---------- Data records ----------

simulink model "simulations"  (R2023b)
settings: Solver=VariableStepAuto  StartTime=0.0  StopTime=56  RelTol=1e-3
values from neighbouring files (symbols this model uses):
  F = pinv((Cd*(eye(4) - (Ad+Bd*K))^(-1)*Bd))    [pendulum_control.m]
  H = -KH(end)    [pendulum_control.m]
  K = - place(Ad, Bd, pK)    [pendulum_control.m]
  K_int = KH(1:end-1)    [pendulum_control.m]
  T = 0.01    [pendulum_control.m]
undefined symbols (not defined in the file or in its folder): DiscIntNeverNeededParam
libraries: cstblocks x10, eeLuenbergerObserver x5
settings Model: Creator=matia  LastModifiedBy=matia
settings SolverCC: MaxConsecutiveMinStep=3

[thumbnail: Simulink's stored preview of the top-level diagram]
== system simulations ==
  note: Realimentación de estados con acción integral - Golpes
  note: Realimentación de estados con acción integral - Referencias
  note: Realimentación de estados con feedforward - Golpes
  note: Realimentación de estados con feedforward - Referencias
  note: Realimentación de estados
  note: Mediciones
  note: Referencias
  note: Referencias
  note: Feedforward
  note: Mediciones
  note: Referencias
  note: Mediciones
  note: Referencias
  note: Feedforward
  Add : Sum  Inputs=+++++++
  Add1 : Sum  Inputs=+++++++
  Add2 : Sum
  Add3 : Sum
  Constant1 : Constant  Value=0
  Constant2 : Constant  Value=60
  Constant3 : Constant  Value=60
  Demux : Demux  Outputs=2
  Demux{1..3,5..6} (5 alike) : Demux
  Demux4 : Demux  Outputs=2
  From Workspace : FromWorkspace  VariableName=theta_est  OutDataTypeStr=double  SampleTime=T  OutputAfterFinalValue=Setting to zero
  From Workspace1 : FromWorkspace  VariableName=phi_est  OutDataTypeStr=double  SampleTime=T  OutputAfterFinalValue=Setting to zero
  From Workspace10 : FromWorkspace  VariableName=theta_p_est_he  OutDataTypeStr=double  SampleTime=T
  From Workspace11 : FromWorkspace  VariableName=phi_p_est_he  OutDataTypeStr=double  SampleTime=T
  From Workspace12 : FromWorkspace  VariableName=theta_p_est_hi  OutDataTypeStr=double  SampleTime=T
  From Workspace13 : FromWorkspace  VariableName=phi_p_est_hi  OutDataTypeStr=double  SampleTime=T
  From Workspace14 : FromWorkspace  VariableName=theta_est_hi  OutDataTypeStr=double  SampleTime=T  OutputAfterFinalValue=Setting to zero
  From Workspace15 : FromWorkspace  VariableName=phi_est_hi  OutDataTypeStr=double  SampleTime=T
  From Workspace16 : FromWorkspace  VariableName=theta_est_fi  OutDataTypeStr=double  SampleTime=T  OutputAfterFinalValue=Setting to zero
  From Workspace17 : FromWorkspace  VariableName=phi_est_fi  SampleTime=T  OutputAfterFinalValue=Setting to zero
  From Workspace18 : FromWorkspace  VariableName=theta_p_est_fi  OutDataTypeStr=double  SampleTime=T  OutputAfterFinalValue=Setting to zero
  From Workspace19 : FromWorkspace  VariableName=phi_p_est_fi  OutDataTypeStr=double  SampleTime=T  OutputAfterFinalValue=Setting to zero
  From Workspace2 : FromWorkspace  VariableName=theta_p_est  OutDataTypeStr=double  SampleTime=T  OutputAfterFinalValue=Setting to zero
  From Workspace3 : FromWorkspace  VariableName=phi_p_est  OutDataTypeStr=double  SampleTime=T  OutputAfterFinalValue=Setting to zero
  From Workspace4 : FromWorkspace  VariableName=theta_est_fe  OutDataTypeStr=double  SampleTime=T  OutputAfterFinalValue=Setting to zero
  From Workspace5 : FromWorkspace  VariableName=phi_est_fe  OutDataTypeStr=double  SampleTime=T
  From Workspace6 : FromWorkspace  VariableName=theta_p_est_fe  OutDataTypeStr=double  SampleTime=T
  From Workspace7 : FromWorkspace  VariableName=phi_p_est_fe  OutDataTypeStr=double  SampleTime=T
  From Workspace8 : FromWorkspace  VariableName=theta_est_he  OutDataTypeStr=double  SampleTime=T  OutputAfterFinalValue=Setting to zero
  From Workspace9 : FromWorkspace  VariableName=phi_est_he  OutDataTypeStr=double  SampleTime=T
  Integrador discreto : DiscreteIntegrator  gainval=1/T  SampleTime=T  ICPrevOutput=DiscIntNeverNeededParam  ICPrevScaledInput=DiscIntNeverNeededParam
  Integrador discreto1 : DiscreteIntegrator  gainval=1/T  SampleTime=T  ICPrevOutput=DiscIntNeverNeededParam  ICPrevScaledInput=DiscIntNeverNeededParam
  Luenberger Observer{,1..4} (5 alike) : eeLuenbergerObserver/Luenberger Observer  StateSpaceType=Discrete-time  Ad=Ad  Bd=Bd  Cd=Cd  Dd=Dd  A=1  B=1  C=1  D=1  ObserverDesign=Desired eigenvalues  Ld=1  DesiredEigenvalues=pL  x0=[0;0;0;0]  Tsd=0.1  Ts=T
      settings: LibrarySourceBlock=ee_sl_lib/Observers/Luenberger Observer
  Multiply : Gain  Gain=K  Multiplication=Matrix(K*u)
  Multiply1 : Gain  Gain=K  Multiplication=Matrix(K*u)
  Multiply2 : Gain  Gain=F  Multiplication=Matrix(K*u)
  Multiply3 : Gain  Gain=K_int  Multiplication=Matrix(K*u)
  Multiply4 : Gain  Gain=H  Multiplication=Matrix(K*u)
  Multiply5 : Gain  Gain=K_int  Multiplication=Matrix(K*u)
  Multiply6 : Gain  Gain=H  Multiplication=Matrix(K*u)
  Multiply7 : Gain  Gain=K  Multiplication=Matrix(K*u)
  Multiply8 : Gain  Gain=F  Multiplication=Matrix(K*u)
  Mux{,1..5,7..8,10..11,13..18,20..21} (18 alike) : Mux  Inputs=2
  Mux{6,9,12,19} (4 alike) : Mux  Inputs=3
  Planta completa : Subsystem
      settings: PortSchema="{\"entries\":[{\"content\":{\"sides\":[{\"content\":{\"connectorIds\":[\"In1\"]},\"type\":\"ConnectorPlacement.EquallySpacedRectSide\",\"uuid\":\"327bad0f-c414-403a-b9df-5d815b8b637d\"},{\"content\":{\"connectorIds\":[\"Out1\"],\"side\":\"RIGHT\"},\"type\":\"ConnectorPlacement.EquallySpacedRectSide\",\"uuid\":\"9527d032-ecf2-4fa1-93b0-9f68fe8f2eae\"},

----------

Work instructions: Report, from the entries above, each line where "ICPrevOutput" is found.

Answer to this task:
  Integrador discreto : DiscreteIntegrator  gainval=1/T  SampleTime=T  ICPrevOutput=DiscIntNeverNeededParam  ICPrevScaledInput=DiscIntNeverNeededParam
  Integrador discreto1 : DiscreteIntegrator  gainval=1/T  SampleTime=T  ICPrevOutput=DiscIntNeverNeededParam  ICPrevScaledInput=DiscIntNeverNeededParam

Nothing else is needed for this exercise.